Golden Procrastinator
It is possible to add custom monsters to D&D Beyond, even though the process is somewhat tedious, especially if you want to make the attacks "rollable" in the encounter tracker.
 

Larnievc

Explorer
I
the other is what to do when creatures get more than one treatment. For instance, these books have Lovecraftian critters sprinkled through them, but then along comes Sandy Peterson's cthulhu treatment for DnD 5e.
I have the same weakness for monster books and there are several books out there that riff on the Fiend Folio so there are lots of different versions of older 1st Ed monsters or various types of demons.

The way I look at is that you use the one best suited to entertaining that players. If they don’t have access to your books they will never know multiple versions exist anyway.

With the thing about D&D Beyond I can really help as I’ve never used it.
 

Casimir Liber

Explorer
I

I have the same weakness for monster books and there are several books out there that riff on the Fiend Folio so there are lots of different versions of older 1st Ed monsters or various types of demons.

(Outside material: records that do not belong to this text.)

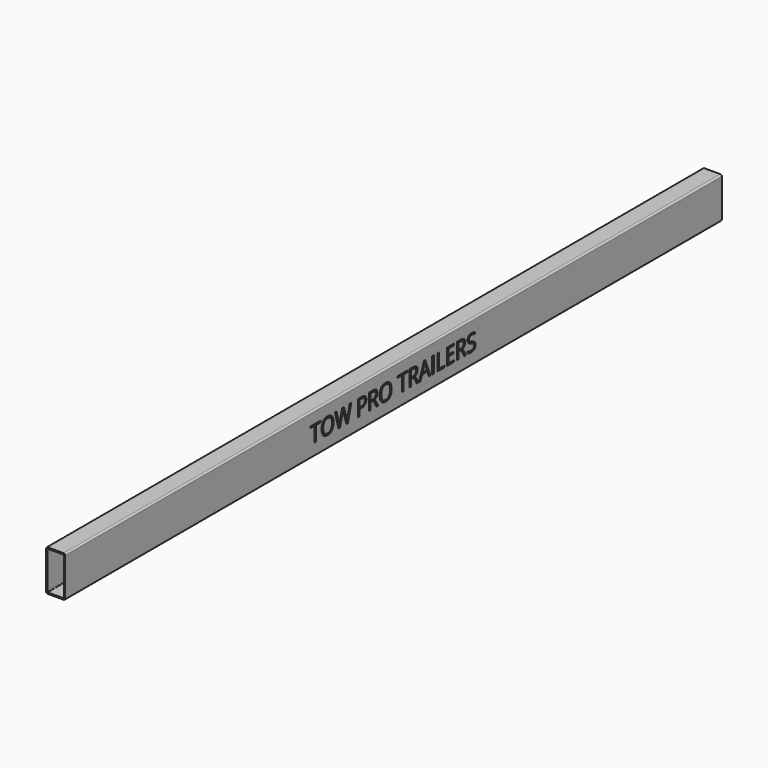
from build123d import *

# Parameters (mm, degrees)
F1_DEPTH      = 1500
F2_TEXT_SIZE  = 41.6666666667
F3_DEPTH      = 25
F3_DEPTH_BACK = 25


# Not quite as in the source:
# - Text() gives the source's letters only with a copy of the font that has no kerning and outlines rounded to 1/6400 em; it was checked with that copy


with BuildPart() as f1:
    # F0 (on Front) → F1 (new body)
    with BuildSketch(Plane.XZ):
        with BuildLine():
            ThreePointArc((17.5, 34.5), (16.6213203436, 36.6213203436), (14.5, 37.5))
            Line((14.5, 37.5), (-14.5, 37.5))
            ThreePointArc((-14.5, 37.5), (-16.6213203436, 36.6213203436), (-17.5, 34.5))
            Line((-17.5, 34.5), (-17.5, -34.5))
            ThreePointArc((-17.5, -34.5), (-16.6213203436, -36.6213203436), (-14.5, -37.5))
            Line((-14.5, -37.5), (14.5, -37.5))
            ThreePointArc((14.5, -37.5), (16.6213203436, -36.6213203436), (17.5, -34.5))
            Line((17.5, -34.5), (17.5, 34.5))
        make_face()
        with BuildLine():
            ThreePointArc((14, 35), (14.7071067812, 34.7071067812), (15, 34))
            Line((15, 34), (15, -34))
            ThreePointArc((15, -34), (14.7071067812, -34.7071067812), (14, -35))
            Line((14, -35), (-14, -35))
            ThreePointArc((-14, -35), (-14.7071067812, -34.7071067812), (-15, -34))
            Line((-15, -34), (-15, 34))
            ThreePointArc((-15, 34), (-14.7071067812, 34.7071067812), (-14, 35))
            Line((-14, 35), (14, 35))
        make_face(mode=Mode.SUBTRACT)
    extrude(amount=-F1_DEPTH)

    # F2 (on face) → F3 (cut, two sides)
    with BuildSketch(Plane.YZ.offset(17.5)) as f3_sk:
        with Locations((560.0325520833, -15)):
            Text('TOW PRO TRAILERS', F2_TEXT_SIZE, font='Open Sans', text_align=(TextAlign.LEFT, TextAlign.BOTTOM))
    extrude(amount=F3_DEPTH, mode=Mode.SUBTRACT)
    extrude(f3_sk.sketch, amount=-F3_DEPTH_BACK, mode=Mode.SUBTRACT)


solid = f1.part

The way I look at is that you use the one best suited to entertaining that players. If they don’t have access to your books they will never know multiple versions exist anyway.

With the thing about D&D Beyond I can really help as I’ve never used it.
fair point - has made gaming alot easier. I really like it, not essential though and can always do analogue workaround :)
 

Lyxen

Great Old One
First thing, while it depends on the knowledge of you players and their metagaming level (at least half of our players are also DMs themselves, and while we can trust most to avoid metagaming, it also makes it harder for them to differentiate, monster by monster, what their character should/could know), it's always good to have more monsters, or even versions of it.

Second, on DDB, the homebrew for monsters is not that complicated and lots of things can be cut and pasted.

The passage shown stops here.